===== INPUT DATA

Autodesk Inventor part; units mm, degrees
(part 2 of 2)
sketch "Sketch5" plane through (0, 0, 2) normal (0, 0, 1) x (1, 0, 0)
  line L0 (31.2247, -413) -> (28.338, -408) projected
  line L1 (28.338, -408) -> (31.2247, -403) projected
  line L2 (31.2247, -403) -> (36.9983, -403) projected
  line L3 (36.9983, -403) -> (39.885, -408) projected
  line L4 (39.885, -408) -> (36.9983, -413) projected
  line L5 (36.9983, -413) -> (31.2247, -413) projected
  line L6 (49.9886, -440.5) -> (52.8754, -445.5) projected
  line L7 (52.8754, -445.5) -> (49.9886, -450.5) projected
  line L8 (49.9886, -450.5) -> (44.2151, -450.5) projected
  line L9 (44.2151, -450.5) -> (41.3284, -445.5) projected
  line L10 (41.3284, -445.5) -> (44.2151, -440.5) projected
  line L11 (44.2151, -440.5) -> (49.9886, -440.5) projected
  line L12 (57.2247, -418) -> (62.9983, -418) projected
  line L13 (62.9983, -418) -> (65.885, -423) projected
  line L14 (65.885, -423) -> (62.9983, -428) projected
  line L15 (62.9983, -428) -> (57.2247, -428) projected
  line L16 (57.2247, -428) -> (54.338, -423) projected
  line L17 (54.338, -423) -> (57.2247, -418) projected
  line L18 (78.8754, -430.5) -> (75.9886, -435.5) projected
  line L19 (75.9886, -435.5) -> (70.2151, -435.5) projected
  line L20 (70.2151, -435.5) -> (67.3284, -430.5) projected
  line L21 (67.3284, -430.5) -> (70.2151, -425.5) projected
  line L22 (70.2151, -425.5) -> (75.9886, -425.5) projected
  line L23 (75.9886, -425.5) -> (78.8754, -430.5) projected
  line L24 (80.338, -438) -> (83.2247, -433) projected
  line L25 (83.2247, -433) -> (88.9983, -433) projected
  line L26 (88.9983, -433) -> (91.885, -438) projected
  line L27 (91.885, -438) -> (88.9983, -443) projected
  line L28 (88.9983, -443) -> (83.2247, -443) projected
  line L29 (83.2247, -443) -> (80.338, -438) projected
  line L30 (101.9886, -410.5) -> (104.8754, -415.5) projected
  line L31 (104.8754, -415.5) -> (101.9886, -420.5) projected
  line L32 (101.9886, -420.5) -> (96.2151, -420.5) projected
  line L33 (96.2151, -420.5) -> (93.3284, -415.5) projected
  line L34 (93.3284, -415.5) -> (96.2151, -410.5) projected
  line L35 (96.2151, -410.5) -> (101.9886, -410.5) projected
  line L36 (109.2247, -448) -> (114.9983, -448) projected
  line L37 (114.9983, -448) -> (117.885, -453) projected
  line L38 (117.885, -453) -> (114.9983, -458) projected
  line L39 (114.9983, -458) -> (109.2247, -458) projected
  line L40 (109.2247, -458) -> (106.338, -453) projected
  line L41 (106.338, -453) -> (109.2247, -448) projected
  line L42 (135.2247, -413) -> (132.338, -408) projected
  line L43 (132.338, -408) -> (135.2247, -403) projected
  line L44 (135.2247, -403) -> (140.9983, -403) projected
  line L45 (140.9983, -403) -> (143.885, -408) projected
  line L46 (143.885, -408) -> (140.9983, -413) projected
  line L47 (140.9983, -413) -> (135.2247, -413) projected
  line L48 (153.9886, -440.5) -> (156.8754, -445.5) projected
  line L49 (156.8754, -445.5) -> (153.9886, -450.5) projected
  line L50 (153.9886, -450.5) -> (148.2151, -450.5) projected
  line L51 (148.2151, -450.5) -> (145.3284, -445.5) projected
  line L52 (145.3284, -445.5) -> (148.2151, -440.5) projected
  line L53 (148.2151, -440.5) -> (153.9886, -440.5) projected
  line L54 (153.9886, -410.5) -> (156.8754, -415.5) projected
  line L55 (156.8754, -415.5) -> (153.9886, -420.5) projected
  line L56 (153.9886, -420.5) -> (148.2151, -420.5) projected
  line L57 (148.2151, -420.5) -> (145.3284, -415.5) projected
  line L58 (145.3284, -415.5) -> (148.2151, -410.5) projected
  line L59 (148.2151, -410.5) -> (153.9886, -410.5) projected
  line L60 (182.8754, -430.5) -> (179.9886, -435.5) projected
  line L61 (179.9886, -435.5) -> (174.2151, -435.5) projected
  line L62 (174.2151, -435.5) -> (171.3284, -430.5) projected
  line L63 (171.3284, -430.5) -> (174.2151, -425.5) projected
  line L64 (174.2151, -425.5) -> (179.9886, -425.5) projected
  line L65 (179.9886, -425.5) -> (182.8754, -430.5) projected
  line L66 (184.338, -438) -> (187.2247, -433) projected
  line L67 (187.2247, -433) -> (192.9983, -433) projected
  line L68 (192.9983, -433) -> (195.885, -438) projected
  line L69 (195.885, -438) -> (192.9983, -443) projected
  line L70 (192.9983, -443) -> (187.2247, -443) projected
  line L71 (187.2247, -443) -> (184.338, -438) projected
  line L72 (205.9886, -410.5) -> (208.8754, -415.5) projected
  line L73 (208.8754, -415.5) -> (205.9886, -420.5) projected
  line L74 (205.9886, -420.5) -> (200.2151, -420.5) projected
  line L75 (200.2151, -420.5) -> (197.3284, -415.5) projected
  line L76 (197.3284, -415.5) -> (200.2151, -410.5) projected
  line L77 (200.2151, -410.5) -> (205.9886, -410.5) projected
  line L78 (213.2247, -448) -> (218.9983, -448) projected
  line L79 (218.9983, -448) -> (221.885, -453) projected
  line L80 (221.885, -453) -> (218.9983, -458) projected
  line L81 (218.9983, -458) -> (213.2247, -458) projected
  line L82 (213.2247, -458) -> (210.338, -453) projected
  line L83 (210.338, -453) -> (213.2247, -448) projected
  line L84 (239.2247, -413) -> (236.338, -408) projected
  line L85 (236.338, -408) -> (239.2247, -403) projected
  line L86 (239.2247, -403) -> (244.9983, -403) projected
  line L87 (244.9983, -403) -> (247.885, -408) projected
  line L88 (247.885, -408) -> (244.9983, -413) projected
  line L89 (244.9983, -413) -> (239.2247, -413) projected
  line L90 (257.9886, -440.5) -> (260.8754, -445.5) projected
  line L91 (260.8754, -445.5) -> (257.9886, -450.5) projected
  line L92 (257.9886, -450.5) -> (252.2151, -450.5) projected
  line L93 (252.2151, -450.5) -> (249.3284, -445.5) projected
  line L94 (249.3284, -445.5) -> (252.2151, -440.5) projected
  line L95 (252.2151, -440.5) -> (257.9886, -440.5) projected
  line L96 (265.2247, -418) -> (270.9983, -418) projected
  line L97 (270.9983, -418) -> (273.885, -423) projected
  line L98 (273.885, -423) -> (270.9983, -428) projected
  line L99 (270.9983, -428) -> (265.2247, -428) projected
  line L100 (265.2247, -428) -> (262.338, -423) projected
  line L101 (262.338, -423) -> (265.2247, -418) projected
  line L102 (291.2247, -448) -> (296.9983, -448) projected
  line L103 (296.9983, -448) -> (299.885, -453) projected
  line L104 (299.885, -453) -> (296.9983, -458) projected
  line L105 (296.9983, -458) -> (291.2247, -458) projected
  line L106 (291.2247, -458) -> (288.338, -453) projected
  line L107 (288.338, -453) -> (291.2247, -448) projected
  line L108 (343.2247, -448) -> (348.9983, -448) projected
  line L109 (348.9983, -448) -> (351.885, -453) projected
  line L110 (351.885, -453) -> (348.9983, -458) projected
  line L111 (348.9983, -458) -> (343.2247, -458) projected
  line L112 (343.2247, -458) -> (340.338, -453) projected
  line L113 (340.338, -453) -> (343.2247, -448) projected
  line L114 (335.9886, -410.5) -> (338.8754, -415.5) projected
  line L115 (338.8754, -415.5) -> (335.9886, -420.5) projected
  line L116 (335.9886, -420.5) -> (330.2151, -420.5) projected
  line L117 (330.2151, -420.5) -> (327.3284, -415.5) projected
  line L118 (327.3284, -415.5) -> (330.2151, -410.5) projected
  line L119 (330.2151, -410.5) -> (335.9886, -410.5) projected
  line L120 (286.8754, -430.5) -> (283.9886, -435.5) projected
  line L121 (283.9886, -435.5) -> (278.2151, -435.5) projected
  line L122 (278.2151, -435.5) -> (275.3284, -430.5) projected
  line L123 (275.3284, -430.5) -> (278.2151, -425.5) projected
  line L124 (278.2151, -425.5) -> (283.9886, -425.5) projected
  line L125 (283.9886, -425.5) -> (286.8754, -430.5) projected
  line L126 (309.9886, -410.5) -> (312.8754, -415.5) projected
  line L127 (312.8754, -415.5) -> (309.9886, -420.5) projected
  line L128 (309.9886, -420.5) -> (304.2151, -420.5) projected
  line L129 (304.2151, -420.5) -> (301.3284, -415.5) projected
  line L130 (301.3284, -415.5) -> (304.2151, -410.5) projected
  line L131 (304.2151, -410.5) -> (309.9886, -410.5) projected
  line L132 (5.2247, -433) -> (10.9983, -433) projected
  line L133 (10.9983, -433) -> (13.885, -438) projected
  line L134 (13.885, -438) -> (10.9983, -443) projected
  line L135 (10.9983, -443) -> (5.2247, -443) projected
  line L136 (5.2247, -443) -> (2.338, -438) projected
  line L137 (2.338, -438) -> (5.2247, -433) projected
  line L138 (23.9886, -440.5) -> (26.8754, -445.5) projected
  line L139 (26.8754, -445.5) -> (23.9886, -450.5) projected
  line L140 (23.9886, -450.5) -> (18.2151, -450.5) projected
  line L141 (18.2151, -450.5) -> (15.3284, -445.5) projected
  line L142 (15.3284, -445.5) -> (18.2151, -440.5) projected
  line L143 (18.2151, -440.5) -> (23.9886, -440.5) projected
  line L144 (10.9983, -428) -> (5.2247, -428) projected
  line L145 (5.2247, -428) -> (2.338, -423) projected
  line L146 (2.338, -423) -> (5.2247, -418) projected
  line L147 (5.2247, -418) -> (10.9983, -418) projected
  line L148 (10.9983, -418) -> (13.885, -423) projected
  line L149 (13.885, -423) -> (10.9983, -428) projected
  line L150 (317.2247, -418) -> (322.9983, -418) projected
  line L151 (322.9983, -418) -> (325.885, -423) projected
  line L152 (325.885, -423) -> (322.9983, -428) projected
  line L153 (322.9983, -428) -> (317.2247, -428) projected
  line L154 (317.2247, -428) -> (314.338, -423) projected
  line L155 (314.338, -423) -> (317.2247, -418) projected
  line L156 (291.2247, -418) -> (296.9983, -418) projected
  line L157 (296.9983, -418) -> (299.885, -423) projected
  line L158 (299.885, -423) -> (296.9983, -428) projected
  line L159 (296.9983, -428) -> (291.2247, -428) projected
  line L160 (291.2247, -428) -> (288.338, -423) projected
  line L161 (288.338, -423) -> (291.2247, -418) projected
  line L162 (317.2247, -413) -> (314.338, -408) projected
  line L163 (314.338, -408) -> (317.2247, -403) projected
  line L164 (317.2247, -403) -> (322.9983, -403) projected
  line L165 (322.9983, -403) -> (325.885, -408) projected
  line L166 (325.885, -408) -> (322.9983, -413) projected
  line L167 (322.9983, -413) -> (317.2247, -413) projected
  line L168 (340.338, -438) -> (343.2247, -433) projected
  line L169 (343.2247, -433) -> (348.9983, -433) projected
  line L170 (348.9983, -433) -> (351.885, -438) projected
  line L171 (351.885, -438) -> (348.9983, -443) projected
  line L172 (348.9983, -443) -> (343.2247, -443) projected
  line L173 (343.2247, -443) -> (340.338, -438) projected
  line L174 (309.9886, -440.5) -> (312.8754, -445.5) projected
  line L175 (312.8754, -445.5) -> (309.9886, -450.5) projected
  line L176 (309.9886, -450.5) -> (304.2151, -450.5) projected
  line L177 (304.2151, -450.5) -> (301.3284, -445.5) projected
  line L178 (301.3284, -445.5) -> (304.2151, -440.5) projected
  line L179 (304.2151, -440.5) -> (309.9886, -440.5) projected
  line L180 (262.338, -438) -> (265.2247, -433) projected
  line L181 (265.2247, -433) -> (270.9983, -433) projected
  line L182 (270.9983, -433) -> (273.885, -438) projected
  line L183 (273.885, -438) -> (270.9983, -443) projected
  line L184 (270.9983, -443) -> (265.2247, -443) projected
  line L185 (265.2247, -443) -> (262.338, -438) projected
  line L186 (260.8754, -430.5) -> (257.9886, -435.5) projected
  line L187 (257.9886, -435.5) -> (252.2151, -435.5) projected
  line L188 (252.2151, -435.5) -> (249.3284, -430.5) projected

==========

> **THE TASK**
From the entries, copy every line in which the string "part" can be found.

> **ANSWER**
Autodesk Inventor part; units mm, degrees
(part 2 of 2)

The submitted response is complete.